= Work instruction =
From the line holding "settings DebuggingCC: StrictBusMsg=Warning" through the line holding "DS1103ADC_C19 : rtilib1103/DS1103" below, write out every line exactly; include both of those lines and drop the pictures.

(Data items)
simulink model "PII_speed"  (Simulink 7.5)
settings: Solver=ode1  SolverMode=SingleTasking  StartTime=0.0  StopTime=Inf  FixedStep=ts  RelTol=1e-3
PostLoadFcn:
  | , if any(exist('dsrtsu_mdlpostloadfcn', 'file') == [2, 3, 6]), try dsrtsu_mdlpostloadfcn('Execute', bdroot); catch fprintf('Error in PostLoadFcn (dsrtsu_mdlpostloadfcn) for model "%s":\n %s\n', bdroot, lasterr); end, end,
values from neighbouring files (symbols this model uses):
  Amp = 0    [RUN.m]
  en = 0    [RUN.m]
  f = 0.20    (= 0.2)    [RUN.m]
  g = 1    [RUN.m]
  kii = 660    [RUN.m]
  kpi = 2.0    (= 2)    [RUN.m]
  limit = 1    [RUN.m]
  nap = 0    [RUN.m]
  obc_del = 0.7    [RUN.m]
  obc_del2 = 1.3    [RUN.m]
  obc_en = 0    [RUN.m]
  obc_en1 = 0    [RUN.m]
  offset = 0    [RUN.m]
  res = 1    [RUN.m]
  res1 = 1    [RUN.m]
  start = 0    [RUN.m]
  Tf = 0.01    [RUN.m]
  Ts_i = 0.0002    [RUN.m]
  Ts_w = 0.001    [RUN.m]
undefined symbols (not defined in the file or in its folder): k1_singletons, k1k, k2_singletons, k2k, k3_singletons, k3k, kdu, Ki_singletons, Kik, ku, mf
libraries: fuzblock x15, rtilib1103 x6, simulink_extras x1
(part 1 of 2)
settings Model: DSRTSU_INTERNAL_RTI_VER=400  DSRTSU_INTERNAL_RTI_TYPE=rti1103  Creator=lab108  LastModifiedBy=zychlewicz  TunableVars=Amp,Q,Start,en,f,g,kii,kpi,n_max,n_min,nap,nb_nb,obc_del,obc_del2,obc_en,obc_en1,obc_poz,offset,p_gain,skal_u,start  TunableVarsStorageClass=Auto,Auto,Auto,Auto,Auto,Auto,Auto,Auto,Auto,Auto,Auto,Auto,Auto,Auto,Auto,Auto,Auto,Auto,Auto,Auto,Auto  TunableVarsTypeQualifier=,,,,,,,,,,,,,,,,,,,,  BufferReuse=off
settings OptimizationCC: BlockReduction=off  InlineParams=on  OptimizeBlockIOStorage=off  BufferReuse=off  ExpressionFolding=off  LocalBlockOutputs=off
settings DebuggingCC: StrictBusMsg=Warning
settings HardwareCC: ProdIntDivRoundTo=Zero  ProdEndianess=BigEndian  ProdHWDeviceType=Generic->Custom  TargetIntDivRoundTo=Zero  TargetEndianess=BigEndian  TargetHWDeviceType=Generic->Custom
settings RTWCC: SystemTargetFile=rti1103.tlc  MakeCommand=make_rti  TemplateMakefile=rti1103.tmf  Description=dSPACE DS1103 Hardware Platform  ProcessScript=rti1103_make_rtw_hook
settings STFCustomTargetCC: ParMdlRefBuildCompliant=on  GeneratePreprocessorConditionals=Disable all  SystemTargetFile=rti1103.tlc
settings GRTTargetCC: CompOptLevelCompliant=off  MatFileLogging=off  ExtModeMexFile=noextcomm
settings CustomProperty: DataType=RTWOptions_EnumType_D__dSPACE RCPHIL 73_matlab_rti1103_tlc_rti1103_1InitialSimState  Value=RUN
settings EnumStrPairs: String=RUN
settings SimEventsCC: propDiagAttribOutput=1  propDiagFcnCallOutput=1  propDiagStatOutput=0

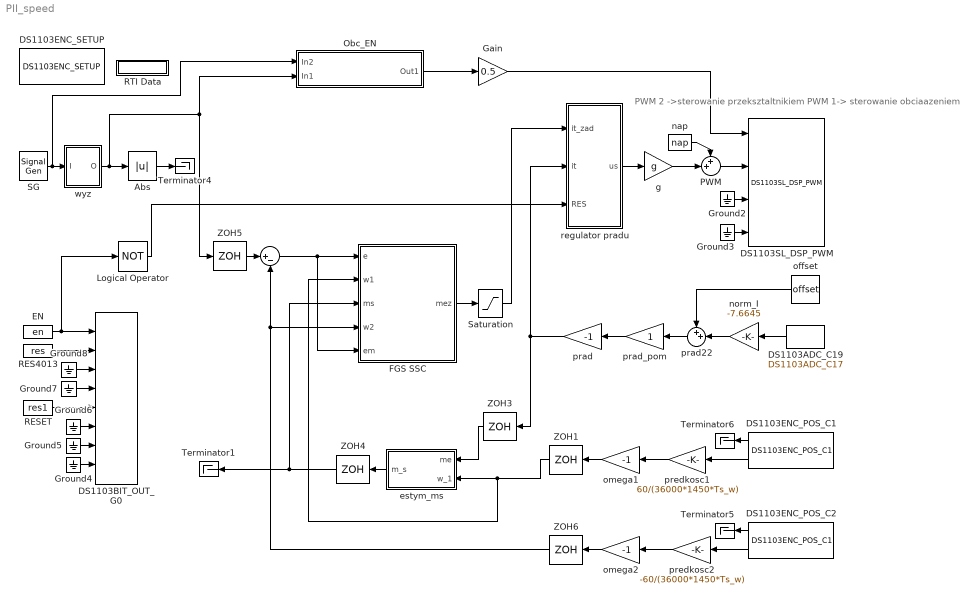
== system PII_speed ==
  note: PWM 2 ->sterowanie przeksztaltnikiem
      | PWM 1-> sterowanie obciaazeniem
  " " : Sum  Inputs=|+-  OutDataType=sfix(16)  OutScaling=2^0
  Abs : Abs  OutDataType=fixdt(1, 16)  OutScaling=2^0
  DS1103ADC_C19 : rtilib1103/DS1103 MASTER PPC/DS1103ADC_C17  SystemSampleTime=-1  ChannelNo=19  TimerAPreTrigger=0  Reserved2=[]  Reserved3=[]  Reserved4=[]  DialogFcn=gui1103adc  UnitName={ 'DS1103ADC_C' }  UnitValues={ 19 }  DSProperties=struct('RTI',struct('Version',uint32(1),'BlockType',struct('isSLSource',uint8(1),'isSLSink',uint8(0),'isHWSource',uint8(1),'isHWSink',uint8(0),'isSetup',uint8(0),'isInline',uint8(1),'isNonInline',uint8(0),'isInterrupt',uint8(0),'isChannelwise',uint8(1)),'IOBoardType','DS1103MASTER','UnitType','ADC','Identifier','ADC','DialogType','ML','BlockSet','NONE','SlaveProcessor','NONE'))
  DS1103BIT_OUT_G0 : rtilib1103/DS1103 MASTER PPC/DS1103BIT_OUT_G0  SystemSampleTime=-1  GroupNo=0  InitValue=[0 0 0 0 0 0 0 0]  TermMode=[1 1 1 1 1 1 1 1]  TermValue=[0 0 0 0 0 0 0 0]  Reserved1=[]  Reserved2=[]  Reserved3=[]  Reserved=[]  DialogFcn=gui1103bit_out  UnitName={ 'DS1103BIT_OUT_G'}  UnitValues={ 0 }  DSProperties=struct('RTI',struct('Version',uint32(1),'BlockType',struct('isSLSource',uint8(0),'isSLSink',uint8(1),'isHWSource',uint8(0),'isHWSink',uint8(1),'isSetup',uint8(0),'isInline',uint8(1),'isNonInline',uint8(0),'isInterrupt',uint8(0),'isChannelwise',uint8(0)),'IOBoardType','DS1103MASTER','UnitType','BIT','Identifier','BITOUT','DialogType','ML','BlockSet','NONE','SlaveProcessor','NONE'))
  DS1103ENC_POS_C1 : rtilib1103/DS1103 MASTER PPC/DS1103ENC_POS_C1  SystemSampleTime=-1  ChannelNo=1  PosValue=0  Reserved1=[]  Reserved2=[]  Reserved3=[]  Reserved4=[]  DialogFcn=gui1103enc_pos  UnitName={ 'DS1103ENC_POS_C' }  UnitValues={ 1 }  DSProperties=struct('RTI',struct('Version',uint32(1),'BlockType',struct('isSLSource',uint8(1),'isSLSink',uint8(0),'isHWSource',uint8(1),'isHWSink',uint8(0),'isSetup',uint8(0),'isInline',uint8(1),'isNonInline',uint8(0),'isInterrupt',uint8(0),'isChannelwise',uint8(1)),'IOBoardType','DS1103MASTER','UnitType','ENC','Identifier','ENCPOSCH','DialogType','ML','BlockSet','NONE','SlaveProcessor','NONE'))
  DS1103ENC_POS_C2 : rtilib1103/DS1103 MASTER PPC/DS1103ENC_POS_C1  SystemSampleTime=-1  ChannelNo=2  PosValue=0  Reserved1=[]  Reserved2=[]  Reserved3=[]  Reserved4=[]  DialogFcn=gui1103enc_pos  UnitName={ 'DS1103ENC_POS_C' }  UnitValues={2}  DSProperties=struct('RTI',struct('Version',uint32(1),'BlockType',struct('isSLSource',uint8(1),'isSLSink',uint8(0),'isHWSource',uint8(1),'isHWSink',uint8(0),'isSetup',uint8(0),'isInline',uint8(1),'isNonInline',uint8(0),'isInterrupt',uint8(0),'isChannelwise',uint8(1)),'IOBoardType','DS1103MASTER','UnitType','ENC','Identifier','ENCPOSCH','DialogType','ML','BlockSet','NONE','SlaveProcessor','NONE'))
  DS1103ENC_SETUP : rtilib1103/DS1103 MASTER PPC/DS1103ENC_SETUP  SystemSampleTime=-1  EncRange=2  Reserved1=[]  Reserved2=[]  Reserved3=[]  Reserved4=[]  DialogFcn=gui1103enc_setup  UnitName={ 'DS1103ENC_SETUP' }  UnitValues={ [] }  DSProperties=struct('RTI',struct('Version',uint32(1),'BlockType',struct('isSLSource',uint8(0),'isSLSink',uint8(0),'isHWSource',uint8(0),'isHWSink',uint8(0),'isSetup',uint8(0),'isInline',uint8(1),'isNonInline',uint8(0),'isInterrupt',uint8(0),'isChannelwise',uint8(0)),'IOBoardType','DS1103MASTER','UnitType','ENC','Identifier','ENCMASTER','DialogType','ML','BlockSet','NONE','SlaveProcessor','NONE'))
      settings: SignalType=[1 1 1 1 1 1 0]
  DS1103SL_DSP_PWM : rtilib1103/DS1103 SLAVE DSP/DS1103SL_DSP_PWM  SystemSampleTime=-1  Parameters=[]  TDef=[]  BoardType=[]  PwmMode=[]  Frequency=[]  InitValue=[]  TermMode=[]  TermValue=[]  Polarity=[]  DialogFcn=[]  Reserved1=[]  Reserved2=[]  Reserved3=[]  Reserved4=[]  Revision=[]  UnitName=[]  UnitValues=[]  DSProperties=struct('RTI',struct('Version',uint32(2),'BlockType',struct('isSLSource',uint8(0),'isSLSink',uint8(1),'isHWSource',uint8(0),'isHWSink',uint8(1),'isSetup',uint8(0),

= Problem solution =
settings DebuggingCC: StrictBusMsg=Warning
settings HardwareCC: ProdIntDivRoundTo=Zero  ProdEndianess=BigEndian  ProdHWDeviceType=Generic->Custom  TargetIntDivRoundTo=Zero  TargetEndianess=BigEndian  TargetHWDeviceType=Generic->Custom
settings RTWCC: SystemTargetFile=rti1103.tlc  MakeCommand=make_rti  TemplateMakefile=rti1103.tmf  Description=dSPACE DS1103 Hardware Platform  ProcessScript=rti1103_make_rtw_hook
settings STFCustomTargetCC: ParMdlRefBuildCompliant=on  GeneratePreprocessorConditionals=Disable all  SystemTargetFile=rti1103.tlc
settings GRTTargetCC: CompOptLevelCompliant=off  MatFileLogging=off  ExtModeMexFile=noextcomm
settings CustomProperty: DataType=RTWOptions_EnumType_D__dSPACE RCPHIL 73_matlab_rti1103_tlc_rti1103_1InitialSimState  Value=RUN
settings EnumStrPairs: String=RUN
settings SimEventsCC: propDiagAttribOutput=1  propDiagFcnCallOutput=1  propDiagStatOutput=0

== system PII_speed ==
  note: PWM 2 ->sterowanie przeksztaltnikiem
      | PWM 1-> sterowanie obciaazeniem
  " " : Sum  Inputs=|+-  OutDataType=sfix(16)  OutScaling=2^0
  Abs : Abs  OutDataType=fixdt(1, 16)  OutScaling=2^0
  DS1103ADC_C19 : rtilib1103/DS1103 MASTER PPC/DS1103ADC_C17  SystemSampleTime=-1  ChannelNo=19  TimerAPreTrigger=0  Reserved2=[]  Reserved3=[]  Reserved4=[]  DialogFcn=gui1103adc  UnitName={ 'DS1103ADC_C' }  UnitValues={ 19 }  DSProperties=struct('RTI',struct('Version',uint32(1),'BlockType',struct('isSLSource',uint8(1),'isSLSink',uint8(0),'isHWSource',uint8(1),'isHWSink',uint8(0),'isSetup',uint8(0),'isInline',uint8(1),'isNonInline',uint8(0),'isInterrupt',uint8(0),'isChannelwise',uint8(1)),'IOBoardType','DS1103MASTER','UnitType','ADC','Identifier','ADC','DialogType','ML','BlockSet','NONE','SlaveProcessor','NONE'))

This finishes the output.